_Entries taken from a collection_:
*** Begin section ***

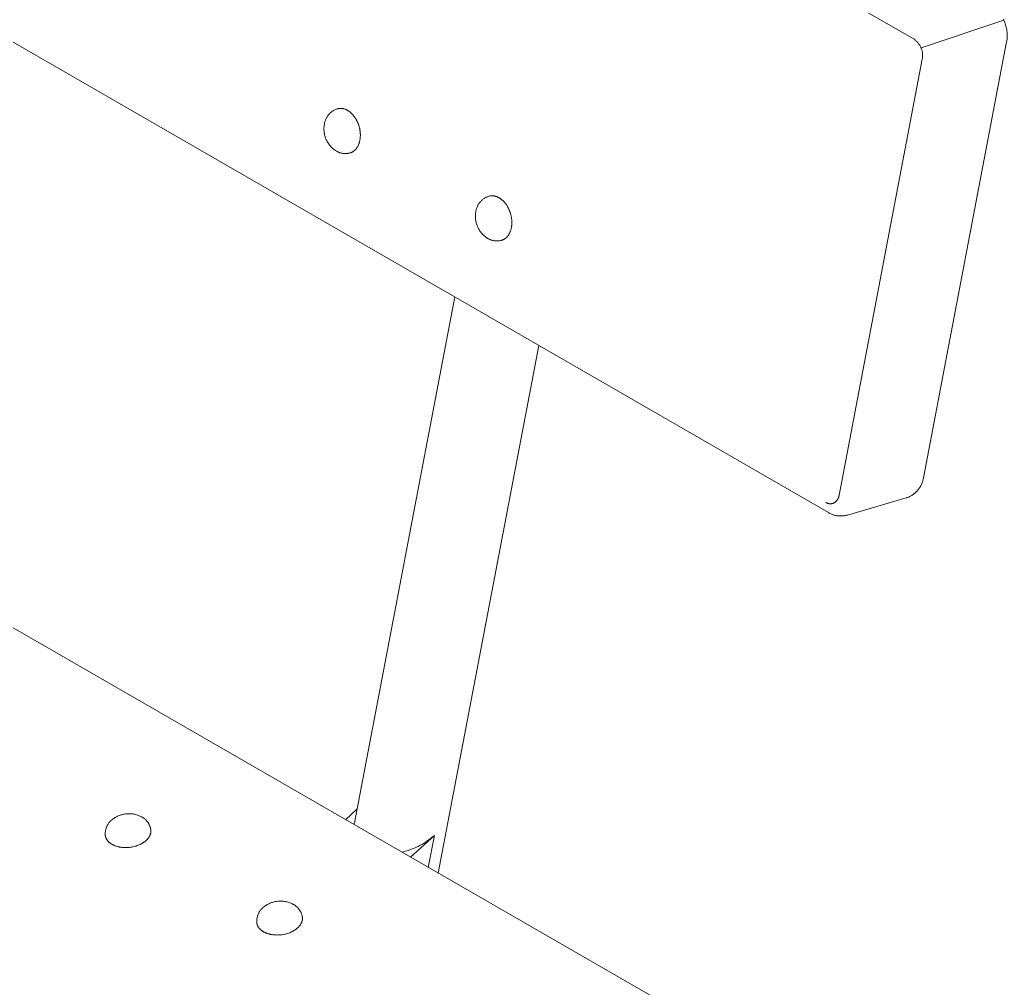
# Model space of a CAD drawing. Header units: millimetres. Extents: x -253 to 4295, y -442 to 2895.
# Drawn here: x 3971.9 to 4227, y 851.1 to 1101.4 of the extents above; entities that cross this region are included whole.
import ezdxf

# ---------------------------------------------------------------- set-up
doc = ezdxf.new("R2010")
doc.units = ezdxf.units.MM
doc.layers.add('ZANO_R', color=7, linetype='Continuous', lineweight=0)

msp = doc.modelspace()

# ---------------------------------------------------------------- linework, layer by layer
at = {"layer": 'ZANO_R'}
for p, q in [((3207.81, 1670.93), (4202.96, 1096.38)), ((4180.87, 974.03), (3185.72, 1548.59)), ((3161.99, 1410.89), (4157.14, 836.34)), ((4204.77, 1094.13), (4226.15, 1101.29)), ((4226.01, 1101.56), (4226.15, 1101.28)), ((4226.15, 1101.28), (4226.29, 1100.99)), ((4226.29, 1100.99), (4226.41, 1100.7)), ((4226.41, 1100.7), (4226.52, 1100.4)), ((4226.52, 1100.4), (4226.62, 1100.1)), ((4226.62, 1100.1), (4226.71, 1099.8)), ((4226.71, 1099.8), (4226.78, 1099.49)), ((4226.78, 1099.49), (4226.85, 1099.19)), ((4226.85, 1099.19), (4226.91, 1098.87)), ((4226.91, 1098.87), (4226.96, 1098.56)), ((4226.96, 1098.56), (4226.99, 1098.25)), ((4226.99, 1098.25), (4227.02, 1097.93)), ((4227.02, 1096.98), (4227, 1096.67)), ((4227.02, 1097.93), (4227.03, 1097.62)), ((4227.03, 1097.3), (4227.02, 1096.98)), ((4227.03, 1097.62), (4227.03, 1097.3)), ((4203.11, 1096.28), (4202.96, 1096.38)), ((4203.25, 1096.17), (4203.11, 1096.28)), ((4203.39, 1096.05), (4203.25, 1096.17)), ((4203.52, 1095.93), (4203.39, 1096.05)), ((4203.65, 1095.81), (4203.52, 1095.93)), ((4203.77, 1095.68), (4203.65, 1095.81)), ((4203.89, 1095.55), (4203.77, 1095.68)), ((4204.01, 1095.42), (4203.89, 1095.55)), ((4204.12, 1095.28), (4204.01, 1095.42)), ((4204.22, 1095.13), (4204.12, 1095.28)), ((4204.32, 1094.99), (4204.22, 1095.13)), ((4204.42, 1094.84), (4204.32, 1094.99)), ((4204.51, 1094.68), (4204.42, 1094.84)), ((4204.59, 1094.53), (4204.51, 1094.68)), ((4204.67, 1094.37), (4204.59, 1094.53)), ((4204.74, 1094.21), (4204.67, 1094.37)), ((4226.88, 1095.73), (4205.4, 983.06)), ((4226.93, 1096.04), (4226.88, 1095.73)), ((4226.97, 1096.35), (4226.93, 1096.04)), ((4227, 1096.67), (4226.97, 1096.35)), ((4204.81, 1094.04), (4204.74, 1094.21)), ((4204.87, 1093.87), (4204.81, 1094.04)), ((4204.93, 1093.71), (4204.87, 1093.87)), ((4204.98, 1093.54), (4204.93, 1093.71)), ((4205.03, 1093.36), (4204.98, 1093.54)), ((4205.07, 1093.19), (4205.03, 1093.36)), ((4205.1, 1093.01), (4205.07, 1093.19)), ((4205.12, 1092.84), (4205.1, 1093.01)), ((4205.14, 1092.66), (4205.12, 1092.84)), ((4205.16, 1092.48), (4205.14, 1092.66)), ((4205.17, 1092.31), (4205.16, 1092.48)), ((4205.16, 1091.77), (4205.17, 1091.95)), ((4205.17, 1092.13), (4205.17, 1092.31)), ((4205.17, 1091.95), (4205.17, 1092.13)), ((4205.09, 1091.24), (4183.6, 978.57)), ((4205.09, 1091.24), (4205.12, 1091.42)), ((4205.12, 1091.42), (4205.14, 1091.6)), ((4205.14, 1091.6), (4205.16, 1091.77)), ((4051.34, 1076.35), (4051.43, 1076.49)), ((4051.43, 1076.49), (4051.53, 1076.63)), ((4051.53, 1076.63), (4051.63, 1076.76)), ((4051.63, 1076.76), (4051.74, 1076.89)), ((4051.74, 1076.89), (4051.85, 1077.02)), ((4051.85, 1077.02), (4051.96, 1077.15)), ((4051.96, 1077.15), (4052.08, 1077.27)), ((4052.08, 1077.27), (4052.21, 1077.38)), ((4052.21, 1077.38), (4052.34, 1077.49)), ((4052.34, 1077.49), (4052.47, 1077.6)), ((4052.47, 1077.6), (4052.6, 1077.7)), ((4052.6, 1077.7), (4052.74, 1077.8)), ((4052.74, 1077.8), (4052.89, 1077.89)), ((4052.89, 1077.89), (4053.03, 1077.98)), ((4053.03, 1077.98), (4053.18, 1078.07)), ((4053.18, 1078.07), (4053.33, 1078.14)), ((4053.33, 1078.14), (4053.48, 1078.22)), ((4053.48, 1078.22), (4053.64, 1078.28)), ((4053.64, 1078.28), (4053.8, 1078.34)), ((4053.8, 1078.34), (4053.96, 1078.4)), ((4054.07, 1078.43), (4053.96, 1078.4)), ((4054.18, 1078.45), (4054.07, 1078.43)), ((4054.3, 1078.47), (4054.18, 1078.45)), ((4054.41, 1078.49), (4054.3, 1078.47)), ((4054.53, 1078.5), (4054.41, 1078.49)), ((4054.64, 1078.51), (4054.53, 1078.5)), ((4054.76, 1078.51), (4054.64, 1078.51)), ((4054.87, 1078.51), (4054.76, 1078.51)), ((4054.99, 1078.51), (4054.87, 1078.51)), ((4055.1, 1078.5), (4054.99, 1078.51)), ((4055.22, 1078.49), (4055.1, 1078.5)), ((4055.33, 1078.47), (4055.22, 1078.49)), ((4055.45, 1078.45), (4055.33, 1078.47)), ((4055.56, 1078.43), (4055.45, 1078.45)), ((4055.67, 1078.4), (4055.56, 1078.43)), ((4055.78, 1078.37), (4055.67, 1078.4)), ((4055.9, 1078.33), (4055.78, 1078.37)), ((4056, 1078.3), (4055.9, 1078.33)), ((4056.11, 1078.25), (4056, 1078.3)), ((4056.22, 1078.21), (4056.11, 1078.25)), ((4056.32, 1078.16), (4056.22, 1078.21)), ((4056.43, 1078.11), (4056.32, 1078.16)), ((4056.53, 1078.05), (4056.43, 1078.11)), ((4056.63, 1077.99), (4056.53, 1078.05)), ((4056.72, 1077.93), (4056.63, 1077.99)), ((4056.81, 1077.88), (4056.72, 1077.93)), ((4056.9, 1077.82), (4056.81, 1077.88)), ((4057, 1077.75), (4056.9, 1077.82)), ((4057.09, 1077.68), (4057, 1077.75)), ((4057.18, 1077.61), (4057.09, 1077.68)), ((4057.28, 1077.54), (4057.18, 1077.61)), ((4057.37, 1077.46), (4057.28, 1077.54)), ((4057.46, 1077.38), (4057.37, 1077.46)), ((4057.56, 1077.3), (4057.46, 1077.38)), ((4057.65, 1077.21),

*** End section ***

_Your instructions_: Starting from the records above, filter out all lines except those containing the word "units".

_Exercise solution_:
# Model space of a CAD drawing. Header units: millimetres. Extents: x -253 to 4295, y -442 to 2895.
doc.units = ezdxf.units.MM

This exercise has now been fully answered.